■ Task requirements
Find the line with "import ezdxf" in the entries below. Repeat it, every following line, and the line with "each defined once", exactly and with nothing added.

Saved entries
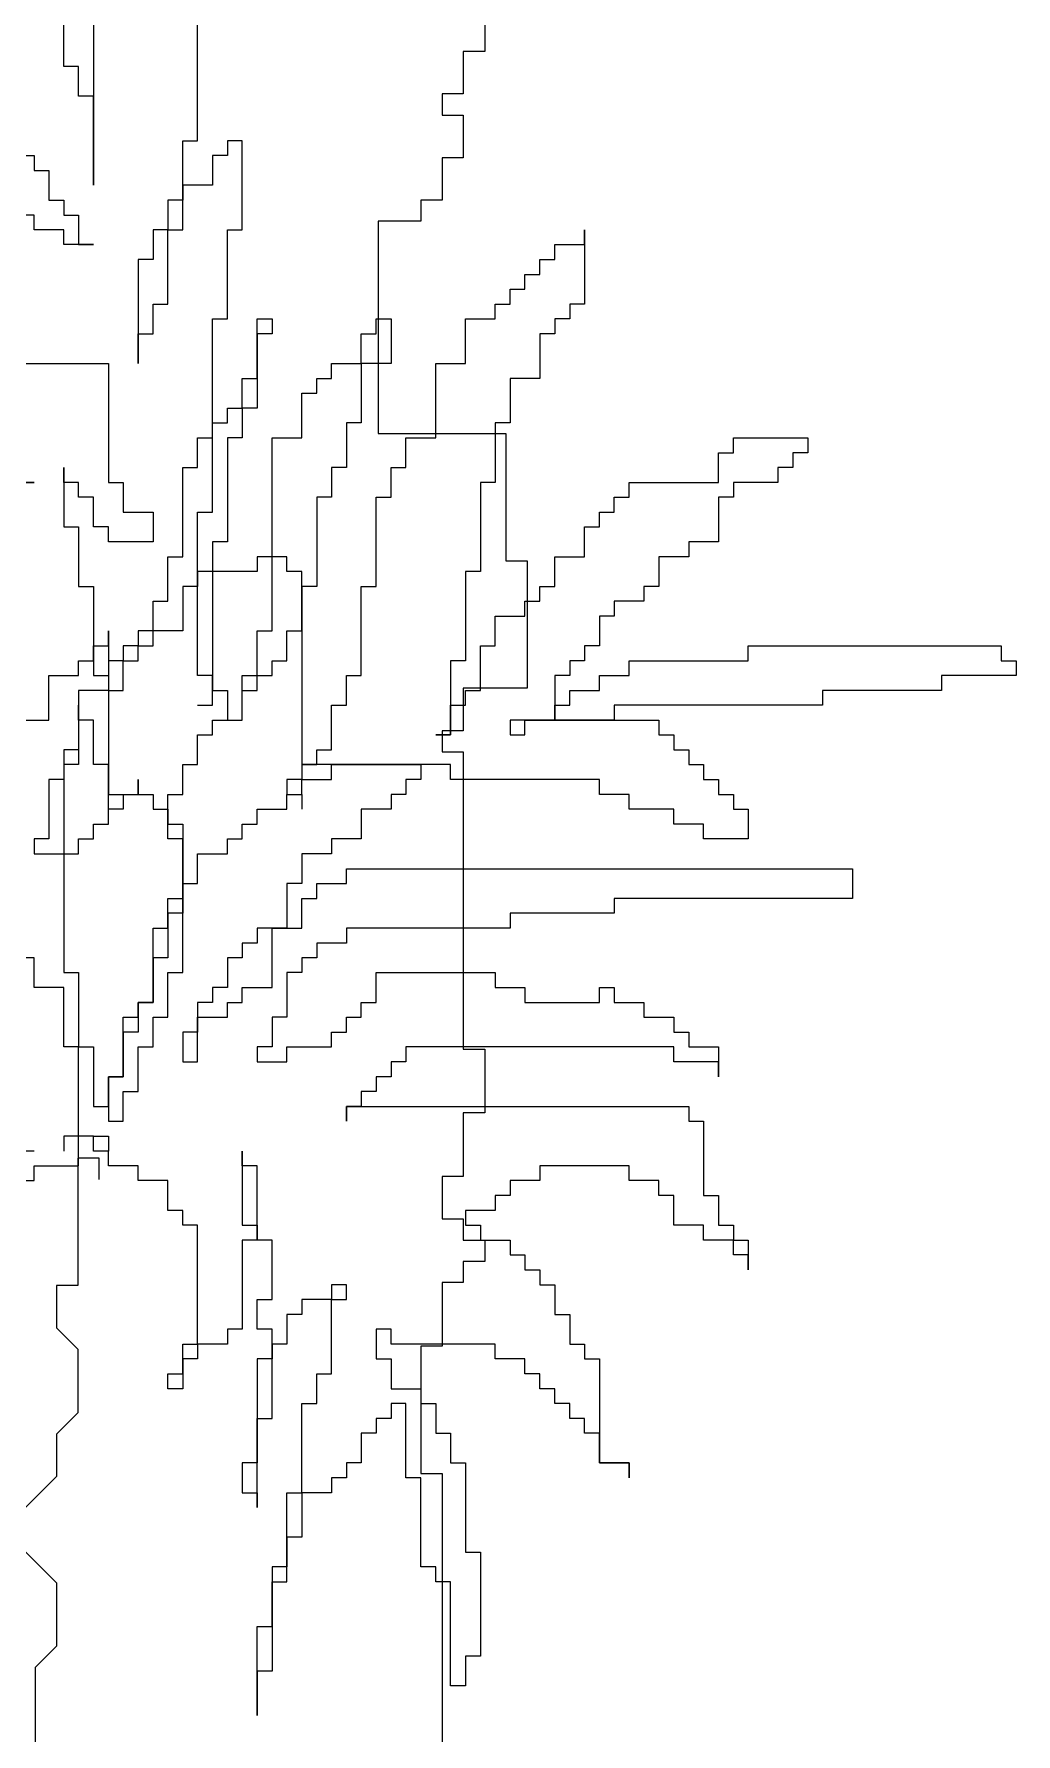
# Model space of a CAD drawing. Header units: millimetres. Extents: x -37049 to 129367, y 25385 to 90033.
# Drawn here: x 23162 to 23613, y 49464 to 50244 of the extents above; entities that cross this region are included whole.
import ezdxf

# ---------------------------------------------------------------- set-up
doc = ezdxf.new("R2010")
doc.units = ezdxf.units.MM
doc.header["$MEASUREMENT"] = 0
doc.layers.add('NCAY', color=3, linetype='Continuous', lineweight=13)

# ---------------------------------------------------------------- blocks, each defined once
blk = doc.blocks.new('A$C65481140')
at = {"layer": 'NCAY', "color": 7}
for p, q in [((2715.1, 4749.3), (2715.1, 4885.7)), ((2978.5, 4889.6), (2978.5, 4831.1)), ((2619.6, 4872), (2619.6, 4708.4)), ((2592.3, 4817.5), (2592.3, 4858.4)), ((2978.5, 4831.1), (2958.9, 4831.1)), ((2958.9, 4831.1), (2958.9, 4792.2)), ((2605.9, 4817.5), (2592.3, 4817.5)), ((2605.9, 4790.2), (2605.9, 4817.5)), ((2619.6, 4790.2), (2605.9, 4790.2)), ((2619.6, 4708.4), (2619.6, 4790.2)), ((2958.9, 4792.2), (2939.4, 4792.2)), ((2939.4, 4792.2), (2939.4, 4772.7)), ((2939.4, 4772.7), (2958.9, 4772.7)), ((2958.9, 4772.7), (2958.9, 4733.7)), ((2701.5, 4749.3), (2715.1, 4749.3)), ((2701.5, 4667.5), (2701.5, 4749.3)), ((2756.1, 4749.3), (2742.5, 4749.3)), ((2742.5, 4749.3), (2742.5, 4735.7)), ((2756.1, 4667.5), (2756.1, 4749.3)), ((2551.3, 4735.7), (2565, 4735.7)), ((2565, 4735.7), (2565, 4722)), ((2742.5, 4735.7), (2728.8, 4735.7)), ((2728.8, 4735.7), (2728.8, 4708.4)), ((2958.9, 4733.7), (2939.4, 4733.7)), ((2939.4, 4733.7), (2939.4, 4694.8)), ((2565, 4722), (2578.6, 4722)), ((2578.6, 4722), (2578.6, 4694.8)), ((2728.8, 4708.4), (2701.5, 4708.4)), ((2701.5, 4708.4), (2701.5, 4694.8)), ((2565, 4681.1), (2496.7, 4681.1)), ((2565, 4667.5), (2565, 4681.1)), ((2578.6, 4694.8), (2592.3, 4694.8)), ((2592.3, 4694.8), (2592.3, 4681.1)), ((2592.3, 4681.1), (2605.9, 4681.1)), ((2605.9, 4681.1), (2605.9, 4653.9)), ((2701.5, 4694.8), (2687.8, 4694.8)), ((2687.8, 4694.8), (2687.8, 4667.5)), ((2939.4, 4694.8), (2919.9, 4694.8)), ((2919.9, 4694.8), (2919.9, 4675.3)), ((2592.3, 4667.5), (2565, 4667.5)), ((2592.3, 4653.9), (2592.3, 4667.5)), ((2687.8, 4667.5), (2674.2, 4667.5)), ((2674.2, 4667.5), (2674.2, 4640.2)), ((2687.8, 4599.3), (2687.8, 4667.5)), ((2687.8, 4667.5), (2701.5, 4667.5)), ((2742.5, 4585.7), (2742.5, 4667.5)), ((2742.5, 4667.5), (2756.1, 4667.5)), ((2880.9, 4675.3), (2880.9, 4480.5)), ((2919.9, 4675.3), (2880.9, 4675.3)), ((3070.1, 4653.9), (3070.1, 4667.5)), ((3070.1, 4667.5), (3070.1, 4599.3)), ((2619.6, 4653.9), (2592.3, 4653.9)), ((2605.9, 4653.9), (2619.6, 4653.9)), ((3042.8, 4640.2), (3042.8, 4653.9)), ((3042.8, 4653.9), (3070.1, 4653.9)), ((2674.2, 4640.2), (2660.5, 4640.2)), ((2660.5, 4640.2), (2660.5, 4544.8)), ((3029.2, 4626.6), (3029.2, 4640.2)), ((3029.2, 4640.2), (3042.8, 4640.2)), ((3015.5, 4613), (3015.5, 4626.6)), ((3015.5, 4626.6), (3029.2, 4626.6)), ((3001.9, 4599.3), (3001.9, 4613)), ((3001.9, 4613), (3015.5, 4613)), ((2674.2, 4572), (2674.2, 4599.3)), ((2674.2, 4599.3), (2687.8, 4599.3)), ((2988.2, 4585.7), (2988.2, 4599.3)), ((2988.2, 4599.3), (3001.9, 4599.3)), ((3070.1, 4599.3), (3056.5, 4599.3)), ((3056.5, 4599.3), (3056.5, 4585.7)), ((2660.5, 4544.8), (2660.5, 4572)), ((2660.5, 4572), (2674.2, 4572)), ((2728.8, 4476.6), (2728.8, 4585.7)), ((2728.8, 4585.7), (2742.5, 4585.7)), ((2769.8, 4531.1), (2769.8, 4585.7)), ((2769.8, 4585.7), (2783.4, 4585.7)), ((2783.4, 4572), (2769.8, 4572)), ((2769.8, 4572), (2769.8, 4503.9)), ((2783.4, 4585.7), (2783.4, 4572)), ((2865.3, 4544.8), (2865.3, 4572)), ((2865.3, 4572), (2879, 4572)), ((2879, 4572), (2879, 4585.7)), ((2879, 4585.7), (2892.6, 4585.7)), ((2892.6, 4585.7), (2892.6, 4544.8)), ((2960.9, 4544.8), (2960.9, 4585.7)), ((2960.9, 4585.7), (2988.2, 4585.7)), ((3042.8, 4572), (3029.2, 4572)), ((3029.2, 4572), (3029.2, 4531.1)), ((3056.5, 4585.7), (3042.8, 4585.7)), ((3042.8, 4585.7), (3042.8, 4572)), ((2524, 4544.8), (2633.2, 4544.8)), ((2633.2, 4544.8), (2633.2, 4435.7)), ((2838, 4531.1), (2838, 4544.8)), ((2838, 4544.8), (2865.3, 4544.8)), ((2892.6, 4544.8), (2865.3, 4544.8)), ((2865.3, 4544.8), (2865.3, 4490.2)), ((2933.6, 4476.6), (2933.6, 4544.8)), ((2933.6, 4544.8), (2960.9, 4544.8)), ((2756.1, 4503.9), (2756.1, 4531.1)), ((2756.1, 4531.1), (2769.8, 4531.1)), ((2824.4, 4517.5), (2824.4, 4531.1)), ((2824.4, 4531.1), (2838, 4531.1)), ((3029.2, 4531.1), (3001.9, 4531.1)), ((3001.9, 4531.1), (3001.9, 4490.2)), ((2810.7, 4476.6), (2810.7, 4517.5)), ((2810.7, 4517.5), (2824.4, 4517.5)), ((2742.5, 4490.2), (2742.5, 4503.9)), ((2742.5, 4503.9), (2756.1, 4503.9)), ((2756.1, 4503.9), (2756.1, 4476.6)), ((2769.8, 4503.9), (2756.1, 4503.9)), ((2728.8, 4408.4), (2728.8, 4490.2)), ((2728.8, 4490.2), (2742.5, 4490.2)), ((2851.7, 4490.2), (2851.7, 4449.3)), ((2865.3, 4490.2), (2851.7, 4490.2)), ((2880.9, 4480.5), (2998, 4480.5)), ((2988.2, 4490.2), (2988.2, 4435.7)), ((3001.9, 4490.2), (2988.2, 4490.2)), ((2998, 4480.5), (2998, 4363.6)), ((2715.1, 4449.3), (2715.1, 4476.6)), ((2715.1, 4476.6), (2728.8, 4476.6)), ((2756.1, 4476.6), (2742.5, 4476.6)), ((2742.5, 4476.6), (2742.5, 4381.1)), ((2783.4, 4476.6), (2810.7, 4476.6)), ((2783.4, 4299.3), (2783.4, 4476.6)), ((2906.3, 4476.6), (2933.6, 4476.6)), ((2906.3, 4449.3), (2906.3, 4476.6)), ((3193, 4435.7), (3193, 4462.9)), ((3193, 4462.9), (3206.7, 4462.9)), ((3206.7, 4476.6), (3274.9, 4476.6)), ((3206.7, 4462.9), (3206.7, 4476.6)), ((3274.9, 4462.9), (3261.3, 4462.9)), ((3261.3, 4462.9), (3261.3, 4449.3)), ((3274.9, 4476.6), (3274.9, 4462.9)), ((2592.3, 4435.7), (2592.3, 4449.3)), ((2592.3, 4449.3), (2592.3, 4394.8)), ((2701.5, 4449.3), (2715.1, 4449.3)), ((2701.5, 4367.5), (2701.5, 4449.3)), ((2851.7, 4449.3), (2838, 4449.3)), ((2838, 4449.3), (2838, 4422)), ((2892.6, 4422), (2892.6, 4449.3)), ((2892.6, 4449.3), (2906.3, 4449.3)), ((3261.3, 4449.3), (3247.6, 4449.3)), ((3247.6, 4449.3), (3247.6, 4435.7)), ((2551.3, 4435.7), (2565, 4435.7)), ((2565, 4435.7), (2551.3, 4435.7)), ((2605.9, 4435.7), (2592.3, 4435.7)), ((2605.9, 4422), (2605.9, 4435.7)), ((2633.2, 4435.7), (2646.9, 4435.7)), ((2646.9, 4435.7), (2646.9, 4408.4)), ((2988.2, 4435.7), (2974.6, 4435.7)), ((2974.6, 4435.7), (2974.6, 4353.9)), ((3111.1, 4422), (3111.1, 4435.7)), ((3111.1, 4435.7), (3193, 4435.7)), ((3247.6, 4435.7), (3206.7, 4435.7)), ((3206.7, 4435.7), (3206.7, 4422)), ((2619.6, 4422), (2605.9, 4422)), ((2619.6, 4394.8), (2619.6, 4422)), ((2838, 4422), (2824.4, 4422)), ((2824.4, 4422), (2824.4, 4340.2)), ((2879, 4340.2), (2879, 4422)), ((2879, 4422), (2892.6, 4422)), ((3097.4, 4408.4), (3097.4, 4422)), ((3097.4, 4422), (3111.1, 4422)), ((3206.7, 4422), (3193, 4422)), ((3193, 4422), (3193, 4381.1)), ((2646.9, 4408.4), (2674.2, 4408.4)), ((2674.2, 4408.4), (2674.2, 4381.1)), ((2715.1, 4258.4), (2715.1, 4408.4)), ((2715.1, 4408.4), (2728.8, 4408.4)), ((3083.8, 4394.8), (3083.8, 4408.4)), ((3083.8, 4408.4), (3097.4, 4408.4)), ((2592.3, 4394.8), (2605.9, 4394.8)), ((2605.9, 4394.8), (2605.9, 4340.2)), ((2633.2, 4394.8), (2619.6, 4394.8)), ((2633.2, 4381.1), (2633.2, 4394.8)), ((3070.1, 4367.5), (3070.1, 4394.8)), ((3070.1, 4394.8), (3083.8, 4394.8)), ((2674.2, 4381.1), (2633.2, 4381.1)), ((2742.5, 4381.1), (2728.8, 4381.1)), ((2728.8, 4381.1), (2728.8, 4244.8)), ((3193, 4381.1), (3165.7, 4381.1)), ((3165.7, 4381.1), (3165.7, 4367.5)), ((2687.8, 4326.6), (2687.8, 4367.5)), ((2687.8, 4367.5), (2701.5, 4367.5)), ((2715.1, 4353.9), (2715.1, 4340.2)), ((2769.8, 4353.9), (2715.1, 4353.9)), ((2797.1, 4367.5), (2769.8, 4367.5)), ((2769.8, 4367.5), (2769.8, 4353.9)), ((2797.1, 4353.9), (2797.1, 4367.5)), ((2810.7, 4353.9), (2797.1, 4353.9)), ((2810.7, 4299.3), (2810.7, 4353.9)), ((2974.6, 4353.9), (2960.9, 4353.9)), ((2960.9, 4353.9), (2960.9, 4272)), ((2998, 4363.6), (3017.5, 4363.6)), ((3017.5, 4363.6), (3017.5, 4246.7)), ((3042.8, 4340.2), (3042.8, 4367.5)), ((3042.8, 4367.5), (3070.1, 4367.5)), ((3138.4, 4367.5), (3138.4, 4340.2)), ((3165.7, 4367.5), (3138.4, 4367.5)), ((2605.9, 4340.2), (2619.6, 4340.2)), ((2619.6, 4340.2), (2619.6, 4258.4)), ((2715.1, 4340.2), (2701.5, 4340.2)), ((2701.5, 4340.2), (2701.5, 4299.3)), ((2824.4, 4340.2), (2810.7, 4340.2)), ((2810.7, 4340.2), (2810.7, 4176.6)), ((2865.3, 4258.4), (2865.3, 4340.2)), ((2865.3, 4340.2), (2879, 4340.2)), ((3029.2, 4326.6), (3029.2, 4340.2)), ((3029.2, 4340.2), (3042.8, 4340.2)), ((3138.4, 4340.2), (3124.7, 4340.2)), ((3124.7, 4340.2), (3124.7, 4326.6)), ((2674.2, 4285.7), (2674.2, 4326.6)), ((2674.2, 4326.6), (2687.8, 4326.6)), ((3015.5, 4312.9), (3015.5, 4326.6)), ((3015.5, 4326.6), (3029.2, 4326.6)), ((3124.7, 4326.6), (3097.4, 4326.6)), ((3097.4, 4326.6), (3097.4, 4312.9)), ((2988.2, 4285.7), (2988.2, 4312.9)), ((2988.2, 4312.9), (3015.5, 4312.9)), ((3097.4, 4312.9), (3083.8, 4312.9)), ((3083.8, 4312.9), (3083.8, 4285.7)), ((2633.2, 4285.7), (2633.2, 4299.3)), ((2633.2, 4299.3), (2633.2, 4244.8)), ((2701.5, 4299.3), (2660.5, 4299.3)), ((2660.5, 4299.3), (2660.5, 4285.7)), ((2769.8, 4258.4), (2769.8, 4299.3)), ((2769.8, 4299.3), (2783.4, 4299.3)), ((2797.1, 4272), (2797.1, 4299.3)), ((2797.1, 4299.3), (2810.7, 4299.3)), ((2619.6, 4272), (2619.6, 4285.7)), ((2619.6, 4285.7), (2633.2, 4285.7)), ((2660.5, 4285.7), (2646.9, 4285.7)), ((2646.9, 4285.7), (2646.9, 4272)), ((2660.5, 4272), (2660.5, 4285.7)), ((2660.5, 4285.7), (2674.2, 4285.7)), ((2974.6, 4244.8), (2974.6, 4285.7)), ((2974.6, 4285.7), (2988.2, 4285.7)), ((3083.8, 4285.7), (3070.1, 4285.7)), ((3070.1, 4285.7), (3070.1, 4272)), ((3220.3, 4285.7), (3452.4, 4285.7)), ((3220.3, 4272), (3220.3, 4285.7)), ((3452.4, 4285.7), (3452.4, 4272)), ((2605.9, 4258.4), (2605.9, 4272)), ((2605.9, 4272), (2619.6, 4272)), ((2646.9, 4272), (2633.2, 4272)), ((2633.2, 4272), (2633.2, 4244.8)), ((2646.9, 4244.8), (2646.9, 4272)), ((2646.9, 4272), (2660.5, 4272)), ((2783.4, 4272), (2797.1, 4272)), ((2783.4, 4258.4), (2783.4, 4272)), ((2960.9, 4272), (2947.2, 4272)), ((2947.2, 4272), (2947.2, 4203.9)), ((3070.1, 4272), (3056.5, 4272)), ((3056.5, 4272), (3056.5, 4258.4)), ((3111.1, 4258.4), (3111.1, 4272)), ((3111.1, 4272), (3220.3, 4272)), ((3452.4, 4272), (3466.1, 4272)), ((3466.1, 4272), (3466.1, 4258.4)), ((2578.6, 4217.5), (2578.6, 4258.4)), ((2578.6, 4258.4), (2605.9, 4258.4)), ((2633.2, 4244.8), (2605.9, 4244.8)), ((2605.9, 4244.8), (2605.9, 4190.2)), ((2619.6, 4258.4), (2633.2, 4258.4)), ((2633.2, 4258.4), (2633.2, 4149.3)), ((2633.2, 4244.8), (2646.9, 4244.8)), ((2728.8, 4258.4), (2715.1, 4258.4)), ((2728.8, 4231.1), (2728.8, 4258.4)), ((2728.8, 4244.8), (2742.5, 4244.8)), ((2742.5, 4244.8), (2742.5, 4217.5)), ((2756.1, 4217.5), (2756.1, 4258.4)), ((2756.1, 4258.4), (2769.8, 4258.4)), ((2756.1, 4217.5), (2756.1, 4244.8)), ((2756.1, 4244.8), (2769.8, 4244.8)), ((2769.8, 4244.8), (2769.8, 4258.4)), ((2769.8, 4258.4), (2783.4, 4258.4)), ((2851.7, 4231.1), (2851.7, 4258.4)), ((2851.7, 4258.4), (2865.3, 4258.4)), ((3017.5, 4246.7), (2958.9, 4246.7)), ((2958.9, 4246.7), (2958.9, 4207.7)), ((2960.9, 4231.1), (2960.9, 4244.8)), ((2960.9, 4244.8), (2974.6, 4244.8)), ((3056.5, 4258.4), (3042.8, 4258.4)), ((3042.8, 4258.4), (3042.8, 4217.5)), ((3056.5, 4231.1), (3056.5, 4244.8)), ((3056.5, 4244.8), (3083.8, 4244.8)), ((3083.8, 4244.8), (3083.8, 4258.4)), ((3083.8, 4258.4), (3111.1, 4258.4)), ((3397.8, 4244.8), (3288.6, 4244.8)), ((3288.6, 4244.8), (3288.6, 4231.1)), ((3466.1, 4258.4), (3397.8, 4258.4)), ((3397.8, 4258.4), (3397.8, 4244.8)), ((2605.9, 4217.5), (2605.9, 4231.1)), ((2605.9, 4231.1), (2605.9, 4176.6)), ((2715.1, 4231.1), (2728.8, 4231.1)), ((2838, 4190.2), (2838, 4231.1)), ((2838, 4231.1), (2851.7, 4231.1)), ((2947.2, 4203.9), (2947.2, 4231.1)), ((2947.2, 4231.1), (2960.9, 4231.1)), ((3042.8, 4217.5), (3042.8, 4231.1)), ((3042.8, 4231.1), (3056.5, 4231.1)), ((3288.6, 4231.1), (3097.4, 4231.1)), ((3097.4, 4231.1), (3097.4, 4217.5)), ((2551.3, 4217.5), (2578.6, 4217.5)), ((2619.6, 4217.5), (2605.9, 4217.5)), ((2619.6, 4176.6), (2619.6, 4217.5)), ((2728.8, 4203.9), (2728.8, 4217.5)), ((2728.8, 4217.5), (2756.1, 4217.5)), ((2742.5, 4217.5), (2756.1, 4217.5)), ((3042.8, 4217.5), (3001.9, 4217.5)), ((3001.9, 4217.5), (3001.9, 4203.9)), ((3015.5, 4203.9), (3015.5, 4217.5)), ((3015.5, 4217.5), (3042.8, 4217.5)), ((3097.4, 4217.5), (3042.8, 4217.5)), ((3042.8, 4217.5), (3138.4, 4217.5)), ((3138.4, 4217.5), (3138.4, 4203.9)), ((2715.1, 4176.6), (2715.1, 4203.9)), ((2715.1, 4203.9), (2728.8, 4203.9)), ((2947.2, 4203.9), (2933.6, 4203.9)), ((2933.6, 4203.9), (2947.2, 4203.9)), ((2958.9, 4207.7), (2939.4, 4207.7)), ((2939.4, 4207.7), (2939.4, 4188.3)), ((3001.9, 4203.9), (3015.5, 4203.9)), ((3138.4, 4203.9), (3152, 4203.9)), ((3152, 4203.9), (3152, 4190.2)), ((2605.9, 4190.2), (2592.3, 4190.2)), ((2592.3, 4190.2), (2592.3, 4162.9)), ((2824.4, 4176.6), (2824.4, 4190.2)), ((2824.4, 4190.2), (2838, 4190.2)), ((2939.4, 4188.3), (2958.9, 4188.3)), ((2958.9, 4188.3), (2958.9, 3915.5)), ((3152, 4190.2), (3165.7, 4190.2)), ((3165.7, 4190.2), (3165.7, 4176.6)), ((2592.3, 4176.6), (2592.3, 3985.7)), ((2605.9, 4176.6), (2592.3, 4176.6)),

■ Reply to the task
import ezdxf

# ---------------------------------------------------------------- set-up
doc = ezdxf.new("R2010")
doc.units = ezdxf.units.MM
doc.header["$MEASUREMENT"] = 0
doc.layers.add('NCAY', color=3, linetype='Continuous', lineweight=13)

# ---------------------------------------------------------------- blocks, each defined once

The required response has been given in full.